# Sobralia in Peru



## gonewild (Jul 13, 2013)

Sobralia sp. growing wild in Peru.







This plant has actually been able to regenerate itself on a road constriction site within a short time. The last time I was at this location it was a bare dirt flat area during the construction of the Trans Oceanic Highway. Three years later it is a grass field with this beautiful orchid growing, blooming and setting seed.


----------



## The Orchid Boy (Jul 13, 2013)

A beauty!


----------



## mrhappyrotter (Jul 13, 2013)

Well, that's promising and inspirational. I know it's the same way around here, some orchids don't handle change/construction/etc well.
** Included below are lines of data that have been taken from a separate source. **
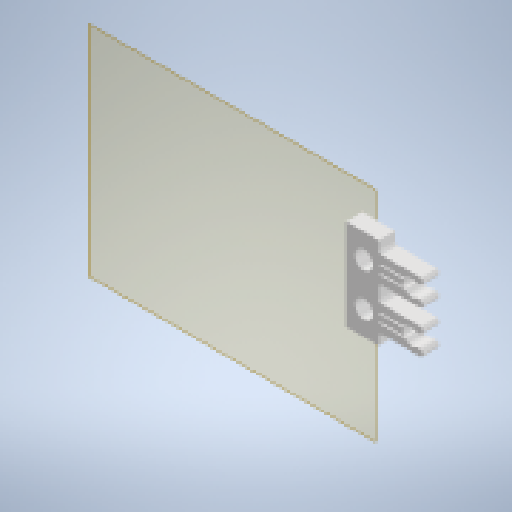
# Autodesk Inventor part: Fuse holdere
Saved by Autodesk Inventor 2024 (Build 280153000, 153)
## iProperties
Created: 2024-03-29
Part Number: Fuse holdere
Material: Generic
Document SubType Name: Modeling
Designer: jens1
Density: 1 g/cm^3
Appearance: Default
Author: jens1
Autodesk Inventor part; units mm, degrees
ref_plane "YZ Plane" through (0, 0, 0) normal (1, 0, 0) x (0, 1, 0)
ref_plane "XZ Plane" through (0, 0, 0) normal (0, 1, 0) x (-1, 0, 0)
ref_plane "XY Plane" through (0, 0, 0) normal (0, 0, 1) x (1, 0, 0)
ref_plane "Work Plane1" through (373.0741, 421.919, 355.2069) normal (0, 0, 1) x (1, 0, 0)
sketch "Sketch1" plane through (373.0741, 421.919, 355.2069) normal (0, 0, 1) x (1, 0, 0)
  line L0 (-40, 30.5) -> (-40, -30.5) projected
  line L1 (-40, -30.5) -> (45, -30.5) projected
  circle A0 centre (5.1305, -24.4679) radius 3.2 projected
  circle A1 centre (-24.4679, -5.1305) radius 3.2 projected
  circle A2 centre (-5.1305, 24.4679) radius 3.2 projected
  circle A3 centre (24.4679, 5.1305) radius 3.2 projected
  circle A4 centre (0, 0) radius 16.75 projected
  line L2 (40, 25.5) -> (50, 25.5)
  line L3 (50, 25.5) -> (50, -25.5)
  line L4 (50, -25.5) -> (40, -25.5)
  line L5 (40, -25.5) -> (40, 25.5)
  circle A5 centre (60, 18) radius 2.25
  circle A6 centre (60, 18) radius 2.5
  line L6 (50, 19) -> (57.7087, 19)
  line L7 (57.7087, 19) -> (57.7087, 17)
  line L8 (57.7087, 17) -> (50, 17)
  line L9 (50, 17) -> (50, 19)
  line L10 (50, 19.5) -> (58.3229, 19.5)
  line L11 (57.7087, 18) -> (50, 18)
  line L12 (58.3229, 16.5) -> (50, 16.5)
  line L13 (62.6125, 22) -> (50, 22)
  line L14 (50, 14) -> (62.6125, 14)
  line L15 (63.5021, 20.5433) -> (62.2478, 18.1)
  line L16 (63.5021, 15.4567) -> (62.2478, 17.9)
  arc A7 (63.5021, 20.5433) -> (62.6125, 22) centre (62.6125, 21) ccw
  arc A8 (62.6125, 14) -> (63.5021, 15.4567) centre (62.6125, 15) ccw
  line L17 (50, 11.5) -> (40, 11.5)
  circle A9 centre (60, 5) radius 2.25
  circle A10 centre (60, 5) radius 2.5
  line L18 (50, 4) -> (57.7087, 4)
  line L19 (57.7087, 6) -> (50, 6)
  line L20 (50, 3.5) -> (58.3229, 3.5)
  line L21 (58.3229, 6.5) -> (50, 6.5)
  line L22 (62.6125, 1) -> (50, 1)
  line L23 (50, 9) -> (62.6125, 9)
  line L24 (63.5021, 2.4567) -> (62.2478, 4.9)
  line L25 (63.5021, 7.5433) -> (62.2478, 5.1)
  arc A11 (62.6125, 1) -> (63.5021, 2.4567) centre (62.6125, 2) ccw
  arc A12 (63.5021, 7.5433) -> (62.6125, 9) centre (62.6125, 8) ccw
  line L26 (40, 25.5) -> (50, 25.5)
  line L27 (50, 25.5) -> (50, -2.5)
  line L28 (50, -2.5) -> (40, -2.5)
  line L29 (40, -2.5) -> (40, 25.5)
  circle A13 centre (45.3451, 5) radius 2.5 projected
  circle A14 centre (45, -8) radius 2.5 projected
  circle A15 centre (45.3451, 18) radius 2.5 projected
  circle A16 centre (45, -21) radius 2.5 projected
  arc A17 (45, -30.5) -> (50, -25.5) centre (45, -25.5) ccw projected
  line L30 (50, 25.5) -> (50, -25.5) projected
  arc A18 (50, 25.5) -> (45, 30.5) centre (45, 25.5) ccw projected
  line L31 (-40, 30.5) -> (45, 30.5) projected
  point P0 (-373.0741, -421.919)
  point P1 (40, 30.5)
  point P2 (53.8544, 18)
  point P3 (64.25, 22)
  point P4 (64.25, 14)
  point P5 (50, 1)
  point P6 (62.2478, 4.9)
  point P7 (50, 3.5)
  point P8 (50, 4)
  point P9 (50, 6)
  point P10 (50, 6.5)
  point P11 (50, 9)
  point P12 (50, 17)
  point P13 (62.2478, 18.1)
  point P14 (40, -2.5)
  point P15 (62.4505, 17.5051)
  point P16 (58, 16.5)
  point P17 (50, 16.5)
  point P18 (50, 14)
  point P19 (50, 22)
  point P20 (50, 19.5)
  point P21 (58, 19.5)
  point P22 (62.4505, 18.4949)
  point P23 (50, 9)
  point P24 (50, 6.5)
  point P25 (58, 6.5)
  point P26 (62.4505, 5.4949)
  point P27 (50, 17)
  point P28 (50, 19)
  point P29 (62.4505, 4.5051)
  point P30 (58, 3.5)
  point P31 (50, 3.5)
  point P32 (50, 1)
  point P33 (50, 6)
  point P34 (50, 4)
  point P35 (40, -2.5)
  dimension "d1" = 5
  dimension "d4" = 4.5
  dimension "d5" = 5
  dimension "d6" = 10
  dimension "d7" = 2
  dimension "d8" = 1
  dimension "d9" = 1.5
  dimension "d10" = 1.5
  dimension "d11" = 2.5
  dimension "d12" = 2.5
  dimension "d13" = 14.25
  dimension "d14" = 14.25
  dimension "d15" = 0.2
  dimension "d16" = 0
  dimension "d17" = 0.1
  dimension "d18" = 1
  dimension "d19" = 3.5
  dimension "d20" = 6.5
  dimension "d21" = 3.5
  constraints: 54 end point, 20 symmetric about line, 18 point on circle, 11 parallel, 8 centre point, 5 point on line, 4 horizontal, 4 tangent, 3 midpoint, 2 coincident, 2 perpendicular, 1 equal radius, 1 vertical, 15 other
  measures "d1" distance between parallel lines of L1 L4
  measures "d4" diameter of A5
  measures "d5" diameter of A6
  measures "d7" distance of L6.end L7.end
  measures "d8" distance between parallel lines of L8 L11
  measures "d9" distance from line of L10 point (53.854, 18)
  measures "d10" distance between parallel lines of L12 L11
  measures "d11" distance between parallel lines of L10 L13
  measures "d12" distance between parallel lines of L12 L14
  measures "d13" distance of point (64.25, 22) L13.end
  measures "d14" distance of L14.start point (64.25, 14)
  measures "d15" distance of L16.end L15.end
  measures "d16" horizontal distance of L15.end L16.end
  measures "d17" vertical distance of A5.centre L16.end
  measures "d18" radius of A7
  measures "d19" distance between parallel lines of L2 L13
  measures "d20" distance from line of A5.centre L17
  measures "d21" distance between parallel lines of L22 L28
extrude "Extrusion1" add sketch "Sketch1" along normal blind 5 contours L3 L17 L5 L2 | L13 A7 L15 A6 L10 L3 | L28 L5 L17 L3 | L3 L20 A10 L24 A11 L22 | L6 A6 L11 L3 | L3 L12 A6 L16 A8 L14 | L23 A12 L25 A10 L21 L3 | L11 A6 L8 L3 | L3 L19 A10 L18 | A13 | A15
fillet "Fillet1" radius 2 4 edges at (435.5246, 440.414, 357.7069) (435.5246, 439.4241, 357.7069) (435.5246, 427.414, 357.7069) (435.5246, 426.4241, 357.7069)
fillet "Fillet2" radius 1 8 edges at (423.0741, 441.419, 357.7069) (423.0741, 438.419, 357.7069) (423.0741, 443.919, 357.7069) (423.0741, 435.919, 357.7069) (423.0741, 430.919, 357.7069) (423.0741, 428.419, 357.7069) (423.0741, 425.419, 357.7069) (423.0741, 422.919, 357.7069)
sketch "Sketch2" plane through (373.0741, 421.919, 360.2069) normal (0, 0, 1) x (1, 0, 0)
  line L0 (58, 3.5) -> (50.866, 3.5) projected
  line L1 (50, 4) -> (57.7087, 4) projected
  arc A0 (57.7087, 6) -> (57.7087, 4) centre (60, 5) ccw projected
  line L2 (57.7087, 6) -> (50, 6) projected
  line L3 (50.866, 6.5) -> (58, 6.5) projected
  arc A1 (63.5021, 7.5433) -> (62.6125, 9) centre (62.6125, 8) ccw projected
  line L4 (62.6125, 9) -> (51, 9) projected
  line L5 (50, 10) -> (50, 13) projected
  line L6 (51, 14) -> (62.6125, 14) projected
  arc A2 (62.6125, 14) -> (63.5021, 15.4567) centre (62.6125, 15) ccw projected
  line L7 (58, 16.5) -> (50.866, 16.5) projected
  line L8 (50, 17) -> (57.7087, 17) projected
  arc A3 (57.7087, 19) -> (57.7087, 17) centre (60, 18) ccw projected
  line L9 (57.7087, 19) -> (50, 19) projected
  line L10 (50.866, 19.5) -> (58, 19.5) projected
  arc A4 (63.5021, 20.5433) -> (62.6125, 22) centre (62.6125, 21) ccw projected
  line L11 (62.6125, 22) -> (51, 22) projected
  line L12 (50, 25.5) -> (40, 25.5) projected
  line L13 (51, 1) -> (62.6125, 1) projected
  arc A5 (62.6125, 1) -> (63.5021, 2.4567) centre (62.6125, 2) ccw projected
  arc A6 (58, 3.5) -> (61.1705, 2.791) centre (60, 5) ccw projected
  arc A7 (61.1705, 7.209) -> (58, 6.5) centre (60, 5) ccw projected
  arc A8 (58, 16.5) -> (61.1705, 15.791) centre (60, 18) ccw projected
  arc A9 (61.1705, 20.209) -> (58, 19.5) centre (60, 18) ccw projected
  line L14 (40, 25.5) -> (40, -2.5) projected
  arc A10 (50, 10) -> (51, 9) centre (51, 10) ccw projected
  arc A11 (51, 14) -> (50, 13) centre (51, 13) ccw projected
  arc A12 (50, 17) -> (50.866, 16.5) centre (50.866, 17.5) ccw projected
  arc A13 (50.866, 19.5) -> (50, 19) centre (50.866, 18.5) ccw projected
  arc A14 (50, 23) -> (51, 22) centre (51, 23) ccw projected
  line L15 (50, 23) -> (50, 25.5) projected
  line L16 (40, -2.5) -> (50, -2.5) projected
  line L17 (50, -2.5) -> (50, 0) projected
  arc A15 (51, 1) -> (50, 0) centre (51, 0) ccw projected
  arc A16 (50, 4) -> (50.866, 3.5) centre (50.866, 4.5) ccw projected
  arc A17 (50.866, 6.5) -> (50, 6) centre (50.866, 5.5) ccw projected
  arc A18 (63.5021, 2.4567) -> (61.1705, 2.791) centre (62.107, 1.0237) ccw projected
  arc A19 (61.1705, 7.209) -> (63.5021, 7.5433) centre (62.107, 8.9763) ccw projected
  arc A20 (63.5021, 15.4567) -> (61.1705, 15.791) centre (62.107, 14.0237) ccw projected
  arc A21 (61.1705, 20.209) -> (63.5021, 20.5433) centre (62.107, 21.9763) ccw projected
  point P0 (-373.0741, -421.919)
  point P1 (45.3451, 18)
  point P2 (45.3451, 5)
  dimension "d26" = 0
  dimension "d27" = 13
  dimension "d28" = 7.5
  measures "d26" horizontal distance of point (45.345, 5) point (45.345, 18)
  measures "d27" distance of point (45.345, 18) point (45.345, 5)
  measures "d28" distance from line of L12 point (45.345, 18)
hole "Hole1" at (418.4192, 439.919, 360.2069) at (418.4192, 426.919, 360.2069) direction (0, 0, -1) diameter 5.5 end through all
sketch "Sketch3" plane through (373.0741, 421.919, 355.2069) normal (0, 0, 1) x (1, 0, 0)
  line L0 (68.3936, 26.3924) -> (78.3936, 26.3924)
  line L1 (78.3936, 26.3924) -> (78.3936, -1.6076)
  line L2 (78.3936, -1.6076) -> (68.3936, -1.6076)
  line L3 (68.3936, -1.6076) -> (68.3936, 26.3924)
  line L4 (78.3936, 26.3924) -> (68.3936, 26.3924)
  line L5 (68.3936, 26.3924) -> (68.3936, 12.3924)
  line L6 (68.3936, 12.3924) -> (78.3936, 12.3924)
  line L7 (78.3936, 12.3924) -> (78.3936, 26.3924)
  line L8 (92.6436, 14.3924) -> (78.3936, 14.3924)
  line L9 (78.3936, 14.3924) -> (78.3936, 14.5958)
  line L10 (78.3936, 19.3924) -> (86.1023, 19.3924)
  line L11 (86.1023, 19.3924) -> (86.1023, 17.3924)
  line L12 (86.1023, 17.3924) -> (78.3936, 17.3924)
  line L13 (78.3936, 17.3924) -> (78.3936, 19.3924)
  circle A0 centre (88.3936, 18.3924) radius 2.25
  circle A1 centre (88.3936, 18.3924) radius 2.5
  line L14 (91.6425, 23.6467) -> (90.6413, 18.4924)
  line L15 (92.6436, 14.3924) -> (90.6413, 18.2924)
  line L16 (78.3936, 16.8924) -> (86.3936, 16.8924)
  line L17 (78.1639, 19.8924) -> (86.3936, 19.8924)
  line L18 (78.3936, 23.6467) -> (91.6425, 23.6467)
  point P0 (-373.0741, -421.919)
  point P1 (73.3936, 26.3924)
  point P2 (82.2479, 17.3924)
  dimension "d36" = 10
  dimension "d37" = 28
  dimension "d38" = 14
  dimension "d44" = 2
  dimension "d45" = 4.5
  dimension "d46" = 5
  dimension "d47" = 1
  dimension "d48" = 10
  dimension "d49" = 0.2
  dimension "d50" = 0.1
  dimension "d51" = 14.25
  dimension "d53" = 2.5
  dimension "d54" = 0.5
  dimension "d55" = 0.5
  dimension "d57" = 90
  constraints: 38 end point, 7 parallel, 5 point on circle, 4 midpoint, 3 horizontal, 3 perpendicular, 3 point on line, 2 centre point, 1 coincident
  measures "d36" distance of L1.end L2.end
  measures "d37" distance of L0.end L1.end
  measures "d38" distance from line of point (73.394, 26.392) L6
  measures "d44" distance from line of point (82.248, 17.392) L10
  measures "d45" diameter of A0
  measures "d46" diameter of A1
  measures "d47" distance from line of A0.centre L10
  measures "d48" distance from line of L1 A0.centre
  measures "d49" distance of L14.end L15.end
  measures "d50" vertical distance of A0.centre L15.end
  measures "d51" distance of L8.start L8.end
  measures "d53" distance between parallel lines of L8 L16
  measures "d54" distance between parallel lines of L12 L16
  measures "d55" distance between parallel lines of L10 L17
  measures "d57" angle of L1 L18
equation "\"d8\" = 0.5 * d7"
equation "\"d10\" = d9"
equation "\"d12\" = d11"
equation "\"d14\" = d13"
equation "\"d17\" = 0.5 * d15"
equation "\"d38\" = 0.5 * d37"
equation "\"d51\" = d41"
equation "\"d41\" = 14.25"
body "Solid1"

Others seems to do just fine with it, if not thrive.


----------



## SlipperFan (Jul 13, 2013)

Beautiful flower. It must be quite an experience to see these growing wild.


----------



## JeanLux (Jul 14, 2013)

Yes this genus provides most lovely flowers!!!! Too bad that they are so short lived!! Jean


----------



## NYEric (Jul 14, 2013)

Nice, thanks for sharing.


----------



## John M (Jul 17, 2013)

That is really beautiful! Does anybody have an idea of the name?


----------



## KyushuCalanthe (Jul 17, 2013)

Nice. It doesn't surprise me that it recolonizes easily - many terrestrial orchids are plants that benefit from disturbance - mechanical or otherwise.


----------